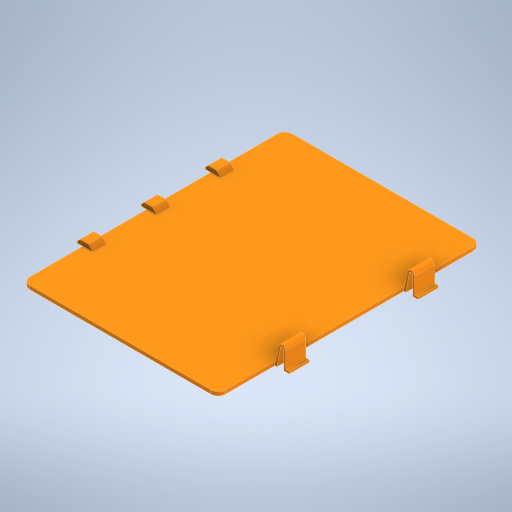
# Autodesk Inventor part: Toolbox cover
Saved by Autodesk Inventor 2023 (Build 270158000, 158)
## iProperties
Created: 2023-03-08
Part Number: Toolbox cover
Material: Типовые
Document SubType Name: Modeling
Designer: Josh
Density: 1 g/cm^3
Appearance: Оранжевый
Author: Josh
Autodesk Inventor part; units mm, degrees
ref_plane "YZ Plane" through (0, 0, 0) normal (1, 0, 0) x (0, 1, 0)
ref_plane "XZ Plane" through (0, 0, 0) normal (0, 1, 0) x (-1, 0, 0)
sketch "Эскиз1" plane through (0, 0, 0) normal (0, 1, 0) x (-1, 0, 0)
  line L0 (-49.5, -71.75) -> (49.5, -71.75)
  line L1 (53.5, -67.75) -> (53.5, 67.75)
  line L2 (49.5, 71.75) -> (-49.5, 71.75)
  line L3 (-53.5, 67.75) -> (-53.5, -67.75)
  line L4 (-53.5, -71.75) -> (53.5, 71.75) construction
  line L5 (53.5, -71.75) -> (-53.5, 71.75) construction
  arc A0 (53.5, 67.75) -> (49.5, 71.75) centre (49.5, 67.75) ccw
  arc A1 (49.5, -71.75) -> (53.5, -67.75) centre (49.5, -67.75) ccw
  arc A2 (-53.5, -67.75) -> (-49.5, -71.75) centre (-49.5, -67.75) ccw
  arc A3 (-49.5, 71.75) -> (-53.5, 67.75) centre (-49.5, 67.75) ccw
  line L6 (-53.5, 40.75) -> (-55.5, 40.75)
  line L7 (-55.5, 40.75) -> (-55.5, 29.75)
  line L8 (-55.5, 29.75) -> (-53.5, 29.75)
  line L9 (-53.5, 29.75) -> (-53.5, 40.75)
  line L10 (-53.5, 0) -> (53.5, 0)
  line L11 (-53.5, -40.75) -> (-55.5, -40.75)
  line L12 (-55.5, -40.75) -> (-55.5, -29.75)
  line L13 (-55.5, -29.75) -> (-53.5, -29.75)
  line L14 (-53.5, -29.75) -> (-53.5, -40.75)
  circle A4 centre (-30, -63.75) radius 2.05
  line L15 (0, -71.75) -> (0, 71.75)
  circle A5 centre (30, -63.75) radius 2.05
  circle A6 centre (-30, 63.75) radius 2.05
  circle A7 centre (30, 63.75) radius 2.05
  point P0 (0, 0)
  dimension "d0" = 107
  dimension "d1" = 143.5
  dimension "d2" = 4
  dimension "d3" = 2
  dimension "d4" = 11
  dimension "d5" = 31
  dimension "d6" = 4.1
  dimension "d7" = 8
  dimension "d8" = 60
  constraints: 32 end point, 9 point on line, 8 centre point, 8 point on circle, 8 tangent, 7 symmetric about line, 6 midpoint, 4 parallel, 3 equal radius, 2 horizontal, 2 perpendicular, 3 other
  measures "d0" distance of L5.end L4.end
  measures "d1" distance of L4.end L5.start
  measures "d2" radius of A0
  measures "d3" distance of L8.end L7.end
  measures "d4" distance of L7.end L6.end
  measures "d5" distance between parallel lines of L2 L6
  measures "d6" diameter of A4
  measures "d7" distance from line of L0 A4.centre
  measures "d8" distance of A5.centre A4.centre
extrude "Выдавливание1" add sketch "Эскиз1" along normal blind 2 contours A2 L3 L10 L15 L0 | L15 L10 L1 A1 L0 | L15 L2 A0 L1 L10 | L10 L3 A3 L2 L15 | A4 | A5 | A6 | A7
ref_plane "РабПлоскость1" through (-49.5, 0, 40.75) normal (0, 0, 1) x (1, 0, 0)
sketch "Эскиз3" plane through (-49.5, 0, 40.75) normal (0, 0, 1) x (1, 0, 0)
  line L0 (103, 0) -> (105.0373, 10.3941)
  arc A0 (109, 10.0094) -> (105.0373, 10.3941) centre (107, 10.0094) ccw
  line L1 (103, 2) -> (99, 2) projected
  line L2 (109, 10.0094) -> (109, 1.1)
  line L3 (104.1209, 0) -> (106.1168, 10.1825)
  arc A1 (107.9, 10.0094) -> (106.1168, 10.1825) centre (107, 10.0094) ccw
  line L4 (107.9, 10.0094) -> (107.9, 0)
  line L5 (103, 0) -> (99, 0) projected
  line L6 (103, 0) -> (104.1209, 0)
  line L7 (107.9, 0) -> (109, 0)
  line L8 (107.9, 0) -> (110.9, 0)
  line L9 (110.9, 0) -> (110.9, 1.1)
  line L10 (110.9, 1.1) -> (109, 1.1)
  line L11 (107.9, 1.1) -> (107.9, 0)
  line L12 (103, 2) -> (103.392, 2)
  line L13 (103, 2) -> (103, 0)
  point P0 (49.5, 0)
  point P1 (107.1933, 12)
  dimension "d19" = 10
  dimension "d20" = 2
  dimension "d21" = 6
  dimension "d22" = 1.1
  dimension "d23" = 1.1
  dimension "d24" = 1.1
  dimension "d25" = 3
  constraints: 24 end point, 5 point on circle, 3 horizontal, 3 tangent, 2 centre point, 2 parallel, 2 perpendicular, 1 collinear, 1 horizontal alignment, 1 point on line, 1 vertical
  measures "d19" vertical distance of point (107.193, 12) L1.start
  measures "d20" radius of A0
  measures "d21" distance from line of L1.start L2
  measures "d22" distance between parallel lines of L0 L3
  measures "d23" radial gap between concentric circles of A0 A1
  measures "d24" distance between parallel lines of L7 L10
  measures "d25" distance between parallel lines of L4 L9
extrude "Выдавливание2" add sketch "Эскиз3" against normal blind 11
mirror "Зеркальное отражение1" about plane through (0, 0, 0) normal (0, 0, 1) of "Выдавливание2"
sketch "Эскиз4" plane through (0, 2, 0) normal (0, 1, 0) x (1, 0, 0)
  line L0 (-48, -31.25) -> (-56.5, -31.25)
  line L1 (-56.5, -31.25) -> (-56.5, -38.75)
  line L2 (-56.5, -38.75) -> (-48, -38.75)
  line L3 (-48, -38.75) -> (-48, -31.25)
  line L4 (-53.5, 67.75) -> (-53.5, -67.75) projected
  line L5 (-49.5, -71.75) -> (49.5, -71.75) projected
  point P0 (0, 0)
  dimension "d28" = 7.5
  dimension "d29" = 3
  dimension "d30" = 33
  dimension "d31" = 5.5
  constraints: 8 end point, 2 parallel, 1 horizontal, 1 perpendicular
  measures "d28" distance between parallel lines of L2 L0
  measures "d29" distance between parallel lines of L1 L4
  measures "d30" distance between parallel lines of L5 L2
  measures "d31" distance between parallel lines of L3 L4
extrude "Выдавливание3" add sketch "Эскиз4" along normal blind 2.5
mirror "Зеркальное отражение2" about plane through (0, 0, 0) normal (0, 0, 1) of "Выдавливание3"
ref_plane "РабПлоскость3" through (-56.5, 2, 17.5) normal (0, 0, 1) x (1, 0, 0)
ref_plane "РабПлоскость2" through (-56.5, 2, 35) normal (0, 0, 1) x (1, 0, 0)
mirror "Зеркальное отражение3" about plane through (-56.5, 2, 17.5) normal (0, 0, 1) of "Выдавливание3"
chamfer "Фаска1" distance 1.5 angle 45 3 edges at (-56.5, 4.5, 35) (-56.5, 4.5, 0) (-56.5, 4.5, -35)
chamfer "Фаска2" distance 2.5 angle 45 3 edges at (-48, 4.5, 35) (-48, 4.5, -35) (-48, 4.5, 0)
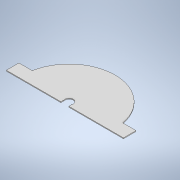
# Autodesk Inventor part: FlatRotationalTransfer
Saved by Autodesk Inventor 2020 (Build 240168000, 168)
## iProperties
Created: 2021-03-21
Part Number: FlatRotationalTransfer
Material: Generic
Document SubType Name: Sheet Metal
Designer: tdmp4
Density: 1 g/cm^3
Appearance: Default
Sheet Metal Rule: Default
Author: tdmp4
Autodesk Inventor part; units mm, degrees
ref_plane "YZ Plane" through (0, 0, 0) normal (1, 0, 0) x (0, 1, 0)
ref_plane "XZ Plane" through (0, 0, 0) normal (0, 1, 0) x (-1, 0, 0)
ref_plane "XY Plane" through (0, 0, 0) normal (0, 0, 1) x (1, 0, 0)
sketch "Sketch3" plane through (0, 0, 0) normal (0, 1, 0) x (-1, 0, 0)
  arc A0 (127.5964, -8.854) -> (151.8036, -8.854) centre (139.7, -12.7) ccw
  arc A1 (0, -12.7) -> (279.4, -12.7) centre (139.7, -12.7) ccw
  line L0 (279.4, -12.7) -> (279.4, 0)
  line L1 (279.4, 0) -> (151.8036, 0)
  line L2 (151.8036, 0) -> (151.8036, -8.854)
  line L3 (127.5964, 0) -> (0, 0)
  line L4 (0, 0) -> (0, -12.7)
  line L5 (127.5964, 0) -> (127.5964, -8.854)
  point P0 (0, -12.7)
  dimension "d9" = 279.4
  constraints: 12 end point, 4 point on circle, 3 vertical, 2 centre point, 2 perpendicular, 1 coincident, 1 point on line
  measures "d9" diameter of A1
extrude "Extrusion2" add sketch "Sketch3" along normal blind 2.54
sketch "Sketch6" plane through (-279.4, 0, -12.7) normal (-1, 0, 0) x (0, 0, 1)
  line L0 (12.7, 0) -> (3.846, 0) projected
  line L1 (0, 2.54) -> (-139.7, 2.54) projected
  line L2 (12.7, 0) -> (-25.4, 0)
  line L3 (-25.4, 0) -> (-25.4, 2.54)
  line L4 (-25.4, 2.54) -> (12.7, 2.54)
  line L5 (12.7, 2.54) -> (12.7, 0)
  dimension "d16" = 38.1
  constraints: 8 end point, 2 parallel, 1 horizontal, 1 perpendicular, 1 point on line
  measures "d16" distance of L3.end L4.end
extrude "Extrusion4" add sketch "Sketch6" along normal mid plane 76.2
sketch "Sketch7" plane through (0, 0, 0) normal (1, 0, 0) x (0, 0, -1)
  line L0 (38.1, 0) -> (0, 0) projected
  line L1 (0, 0) -> (38.1, 0)
  line L2 (38.1, 0) -> (38.1, 2.54)
  line L3 (38.1, 2.54) -> (0, 2.54)
  line L4 (0, 2.54) -> (0, 0)
  dimension "d19" = 38.1
  dimension "d20" = 2.54
  constraints: 8 end point, 2 parallel, 1 horizontal, 1 perpendicular
  measures "d19" distance of L3.end L2.end
  measures "d20" distance of L1.end L2.end
extrude "Extrusion5" add sketch "Sketch7" along normal mid plane 76.2
equation "\"BendRadius\" = Thickness"
equation "\"BendReliefWidth\" = Thickness"
equation "\"BendReliefDepth\" = 0.5 * Thickness"
equation "\"CornerReliefSize\" = 4 * Thickness"
equation "\"MinimumRemnant\" = 2 * Thickness"
equation "\"TransitionRadius\" = BendRadius"
equation "\"JacobiRadiusSize\" = Thickness"
equation "\"GapSize\" = Thickness"
equation "\"Thickness\" = 3.048"
body "Solid2"
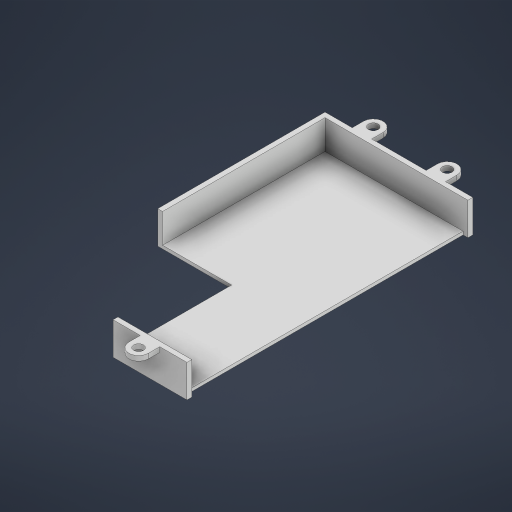
# Autodesk Inventor part: holder
Saved by Autodesk Inventor 2024.3 (Build 283343000, 343)
## iProperties
Created: 2025-08-06
Part Number: holder
Material: Generic
Document SubType Name: Modeling
Designer: giuseppe
Density: 1 g/cm^3
Appearance: Default
Author: giuseppe
Autodesk Inventor part; units mm, degrees
ref_plane "YZ Plane" through (0, 0, 0) normal (1, 0, 0) x (0, 1, 0)
ref_plane "XZ Plane" through (0, 0, 0) normal (0, 1, 0) x (-1, 0, 0)
ref_plane "XY Plane" through (0, 0, 0) normal (0, 0, 1) x (1, 0, 0)
sketch "Sketch1" plane through (0, 0, 0) normal (0, 1, 0) x (-1, 0, 0)
  line L0 (42.5, 85) -> (-42.5, 85)
  line L1 (-42.5, 85) -> (-42.5, -85)
  line L2 (-42.5, -85) -> (42.5, -85)
  line L3 (42.5, -85) -> (42.5, 85)
  line L4 (42.5, 85) -> (0, 85)
  line L5 (0, 85) -> (0, 15)
  line L6 (0, 15) -> (42.5, 15)
  line L7 (42.5, 15) -> (42.5, 85)
  point P0 (0, 0)
  point P1 (42.5, 0)
  dimension "d0" = 170
  dimension "d1" = 85
  dimension "d2" = 42.5
  dimension "d3" = 70
  constraints: 16 end point, 4 parallel, 2 horizontal, 2 midpoint, 2 perpendicular, 1 horizontal alignment, 1 vertical alignment
  measures "d0" distance of L2.end L0.start
  measures "d1" distance of L0.start L0.end
  measures "d2" distance of L5.end L6.end
  measures "d3" distance of L4.end L5.end
extrude "Extrusion1" add sketch "Sketch1" along normal blind 2 contours L5 L6 L3 L2 L1 L0
sketch "Sketch2" plane through (0, 0, 0) normal (0, -1, 0) x (1, 0, 0)
  line L0 (-42.5, -85) -> (-42.5, 15) projected
  line L1 (42.5, -85) -> (-42.5, -85) projected
  line L2 (42.5, 85) -> (42.5, -85) projected
  line L3 (0, 85) -> (42.5, 85) projected
  line L4 (0, 15) -> (0, 85) projected
  line L5 (-42.5, 15) -> (0, 15) projected
  line L6 (45.5, -88) -> (-45.5, -88)
  line L7 (-45.5, -88) -> (-45.5, 18)
  line L8 (-45.5, 18) -> (-3, 18)
  line L9 (-3, 18) -> (-3, 88)
  line L10 (-3, 88) -> (45.5, 88)
  line L11 (45.5, 88) -> (45.5, -88)
  line L12 (0, 85) -> (0, 88)
  line L13 (-42.5, 15) -> (-45.5, 15)
  line L14 (42.5, 85) -> (45.5, 85)
  line L15 (42.5, -85) -> (45.5, -85)
  point P0 (0, 0)
  dimension "d6" = 3
  constraints: 20 end point, 4 perpendicular, 4 point on line, 5 other
  measures "d6" distance between parallel lines of L2 L11
extrude "Extrusion2" add sketch "Sketch2" against normal blind 20 contours L1 L15 L11 L6 L7 L13 L0 | L3 L12 L10 L11 L14
sketch "Sketch3" plane through (0, 20, 0) normal (0, 1, 0) x (1, 0, 0)
  line L0 (16.75, -95) -> (28.75, -95)
  line L1 (28.75, -95) -> (28.75, -88)
  line L2 (28.75, -88) -> (16.75, -88)
  line L3 (16.75, -88) -> (16.75, -95)
  arc A0 (16.75, -95) -> (28.75, -95) centre (22.75, -95) ccw
  circle A1 centre (22.75, -95) radius 3
  line L4 (0, -88) -> (45.5, -88) projected
  point P0 (0, 0)
  point P1 (22.75, -88)
  point P2 (22.75, -88)
  dimension "d9" = 6
  dimension "d10" = 3
  dimension "d11" = 7
  constraints: 8 end point, 3 midpoint, 2 centre point, 2 coincident, 2 parallel, 2 point on circle, 1 collinear, 1 horizontal, 1 perpendicular
  measures "d9" diameter of A1
  measures "d10" radial gap between concentric circles of A1 A0
  measures "d11" distance of L2.end L0.start
extrude "Extrusion3" add sketch "Sketch3" against normal blind 3 contours A1 L0 L3 L2 L1 | L0 A0 A1
mirror "Mirror1" about plane through (0, 0, 0) normal (0, 0, 1) of "Extrusion3"
mirror "Mirror2" about plane through (0, 0, 0) normal (1, 0, 0) of "Extrusion3", "Mirror1"
sketch "Sketch4" plane through (-22.75, 20, 95) normal (0, 1, 0) x (1, 0, 0)
  line L0 (-17.465, -25.1497) -> (16.6088, -25.1497)
  line L1 (16.6088, -25.1497) -> (16.6088, 21.6027)
  line L2 (16.6088, 21.6027) -> (-17.465, 21.6027)
  line L3 (-17.465, 21.6027) -> (-17.465, -25.1497)
  point P0 (22.75, 95)
  constraints: 8 end point, 2 parallel, 1 horizontal, 1 perpendicular
extrude "Extrusion4" cut sketch "Sketch4" against normal blind 12.5
body "Solid1"

● ● ● ●

* Task to complete
Please return every line in the data that includes the string "giuseppe".

* Answer to this exercise
Designer: giuseppe
Author: giuseppe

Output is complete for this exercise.